● **WORK INSTRUCTION**: Produce the records below again, word for word, but stop after the line that contains "settings SolverCC: AlgebraicLoopSolver=TrustRegion".

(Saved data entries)
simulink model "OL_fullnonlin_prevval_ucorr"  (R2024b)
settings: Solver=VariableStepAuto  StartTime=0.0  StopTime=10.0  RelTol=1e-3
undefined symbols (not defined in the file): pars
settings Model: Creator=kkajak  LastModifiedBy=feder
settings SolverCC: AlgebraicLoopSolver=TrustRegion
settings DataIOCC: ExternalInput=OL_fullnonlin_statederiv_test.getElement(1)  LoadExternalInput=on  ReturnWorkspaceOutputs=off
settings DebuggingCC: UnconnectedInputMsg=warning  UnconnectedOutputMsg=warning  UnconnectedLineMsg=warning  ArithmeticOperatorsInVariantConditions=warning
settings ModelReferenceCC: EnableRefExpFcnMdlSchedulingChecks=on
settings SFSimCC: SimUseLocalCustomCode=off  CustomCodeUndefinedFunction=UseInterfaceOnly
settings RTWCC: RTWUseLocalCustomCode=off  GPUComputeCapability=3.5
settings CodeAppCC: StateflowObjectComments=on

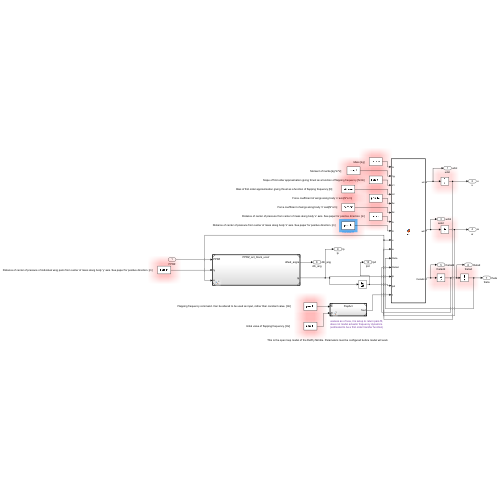
[thumbnail: Simulink's stored preview of the top-level diagram]
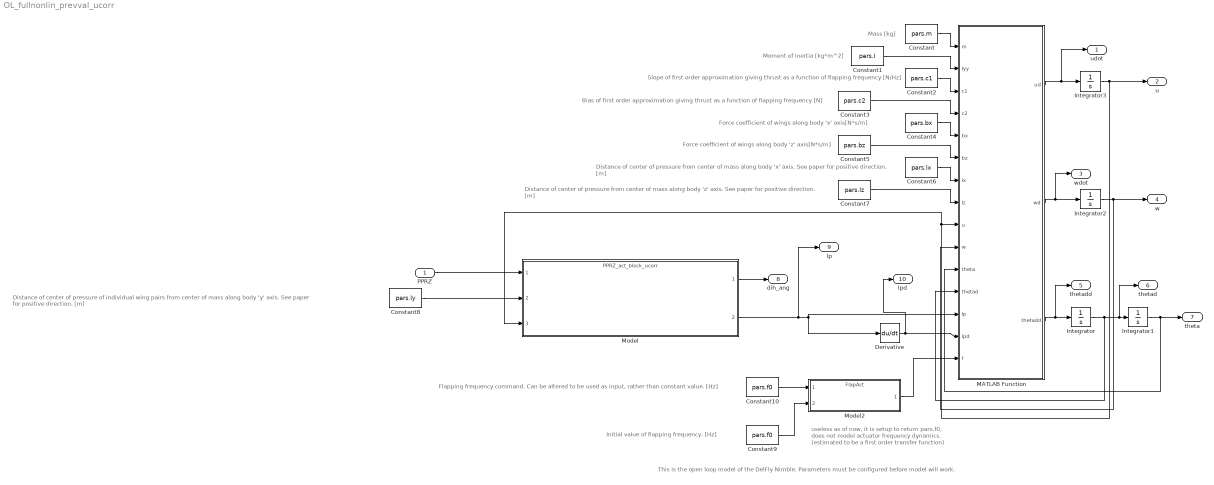
== system OL_fullnonlin_prevval_ucorr ==
  note: Initial value of flapping frequency. [Hz]
  note: Flapping frequency command. Can be altered to be used as input, rather than constant value. [Hz]
  note: Distance of center of pressure from center of mass along body 'x' axis. See paper for positive direction. [m]
  note: Force coefficient of wings along body 'x' axis[N*s/m]
  note: Slope of first order approximation giving thrust as a function of flapping frequency [N/Hz]
  note: Moment of inertia [kg*m^2]
  note: Mass [kg]
  note: This is the open loop model of the DelFly Nimble. Parameters must be configured before model will work.
  note: Bias of first order approximation giving thrust as a function of flapping frequency [N]
  note: Force coefficient of wings along body 'z' axis[N*s/m]
  note: Distance of center of pressure from center of mass along body 'z' axis. See paper for positive direction. [m]
  note: Distance of center of pressure of individual wing pairs from center of mass along body 'y' axis. See paper for positive direction. [m]
  note: useless as of now, it is setup to return pars.f0,
      | does not model actuator frequency dynamics.
      | (estimated to be a first order transfer function)
  PPRZ : Inport
  Constant : Constant  Value=pars.m
  Constant1 : Constant  Value=pars.I
  Constant10 : Constant  Value=pars.f0
  Constant2 : Constant  Value=pars.c1
  Constant3 : Constant  Value=pars.c2
  Constant4 : Constant  Value=pars.bx
  Constant5 : Constant  Value=pars.bz
  Constant6 : Constant  Value=pars.lx
  Constant7 : Constant  Value=pars.lz
  Constant8 : Constant  Value=pars.ly
  Constant9 : Constant  Value=pars.f0
  Derivative : Derivative
  Integrator : Integrator  InitialCondition=pars.thetad0
  Integrator1 : Integrator  InitialCondition=pars.theta0
  Integrator2 : Integrator  InitialCondition=pars.w0
  Integrator3 : Integrator  InitialCondition=pars.u0
  MATLAB Function : MATLAB Function  TreatAsAtomicUnit=on
  Model : ModelReference  ModelNameDialog=PPRZ_act_block_ucorr  SimulationMode=Normal  ModelReferenceVersion=1.8
  Model2 : ModelReference  ModelNameDialog=FlapAct  SimulationMode=Normal  ModelReferenceVersion=1.2
  udot : Outport  SignalName=udot
  u : Outport  Port=2  SignalName=u
  wdot : Outport  Port=3  SignalName=wdot
  w : Outport  Port=4  SignalName=w
  thetadd : Outport  Port=5  SignalName=thetadd
  thetad : Outport  Port=6  SignalName=thetad
  theta : Outport  Port=7  SignalName=theta
  dih_ang : Outport  Port=8  SignalName=dih_ang
  lp : Outport  Port=9  SignalName=lp
  lpd : Outport  Port=10  SignalName=lpd
  wires:
  Constant/1 -> MATLAB Function/1(m)
  Constant1/1 -> MATLAB Function/2(Iyy)
  Constant2/1 -> MATLAB Function/3(c1)
  Constant3/1 -> MATLAB Function/4(c2)
  Constant4/1 -> MATLAB Function/5(bx)
  Constant5/1 -> MATLAB Function/6(bz)
  Constant6/1 -> MATLAB Function/7(lx)
  Constant7/1 -> MATLAB Function/8(lz)
  MATLAB Function/3(thetadd) -> thetadd/1, Integrator/1
  Integrator1/1 -> theta/1, MATLAB Function/11(theta)
  Integrator/1 -> MATLAB Function/12(thetad), thetad/1, Integrator1/1
  MATLAB Function/2(wd) -> wdot/1, Integrator2/1
  Integrator2/1 -> w/1, MATLAB Function/10(w)
  MATLAB Function/1(ud) -> udot/1, Integrator3/1
  Integrator3/1 -> u/1, Model/3, MATLAB Function/9(u)
  Derivative/1 -> lpd/1, MATLAB Function/14(lpd)
  Model2/1 -> MATLAB Function/15(f)
  Constant9/1 -> Model2/2
  Constant10/1 -> Model2/1
  Model/1 -> dih_ang/1
  PPRZ/1 -> Model/1
  Constant8/1 -> Model/2
  Model/2 -> lp/1, MATLAB Function/13(lp), Derivative/1

== matlab function OL_fullnonlin_prevval_ucorr/MATLAB Function ==
  data: m input; Iyy input; c1 input; c2 input; bx input; bz input; lx input; lz input; u input; ud output; w input; theta input; thetad input; lp input; lpd input; wd output; thetadd output; f input
function [ud,wd,thetadd] = fcn(m,Iyy, c1, c2, bx, bz, lx, lz, u, w, theta, thetad, lp, lpd, f)





  
g = 9.80665;
ud = -sin(theta)*g - 2*bx/m*u + lz*2*bx*thetad/m + 2*bx*lpd/m - thetad*w;
% % % ud = -sin(theta)*g - 2*bx/m*u + lz*2*bx*thetad/m + 2*bx*lpd/m;
% % 
wd = cos(theta)*g - 2*(c1*f + c2)/m - 2*bz*w/m - 2*bz*(lp+lx)*thetad/m + thetad*u;   
% % % wd = cos(theta)*g - 2*(c1*f + c2)/m - 2*bz*w/m - 2*bz*(lp+lx)*thetad/m;  
% 
thetadd = (2*bx*lz*u - 2*bx*lz^2*(thetad) - 2*bx*lz*(lpd)...
 - 2*c1*f.*(lp+lx) - 2*c2*(lp+lx) - 2*bz*w.*(lp+lx) - 2*bz*(lp+lx).^2.*(thetad))/Iyy;




% ud = -sin(theta)*g - 2*bx/m*u + lz*2*bx*thetad/m + 2*bx*f*lpd/m - thetad*w;
% ud = -sin(theta)*g - 2*bx/m*u + lz*2*bx*thetad/m + 2*bx*lpd/m;
% 
% wd = cos(theta)*g - 2*(c1*f + c2)/m - 2*bz*w/m - 2*bz*f*(lp+lx)*thetad/m + thetad*u;   
%wd = cos(theta)*g - 2*(c1*f + c2)/m - 2*bz*w/m - 2*bz*(lp)*thetad/m;  
% 
% thetadd = (2*bx*lz*u - 2*bx*lz^2*(thetad) - 2*bx*lz*(lpd)...
% - 2*c1*f.*(lp+lx) - 2*c2*(lp) - 2*bz*w.*(lp) - 2*bz*(lp).^2.*(thetad))/Iyy;
end
% % X = -2*bx*u + lz*2*bx*thetad + 2*bx*lpd;
% % X = -2*bx*u + lz*2*bx*thetad;
% X = -2*bx*u;
% Z = - 2*(c1*f + c2) - 2*bz*w - 2*bz*(lp+lx)*thetad;
% 
% l = [-lx-lp; 0; -lz];
% M = -cross([X;0;Z],l);
% My = M(2);
% 
% ud = -g*sin(theta) + X/m - thetad*w;
% wd = g*cos(theta) + Z/m + thetad*u;
% % ud = -g*sin(theta) + X/m;
% % wd = g*cos(theta) + Z/m;
% thetadd = My/Iyy;

● **OUTPUT FOR THIS TASK**:
simulink model "OL_fullnonlin_prevval_ucorr"  (R2024b)
settings: Solver=VariableStepAuto  StartTime=0.0  StopTime=10.0  RelTol=1e-3
undefined symbols (not defined in the file): pars
settings Model: Creator=kkajak  LastModifiedBy=feder
settings SolverCC: AlgebraicLoopSolver=TrustRegion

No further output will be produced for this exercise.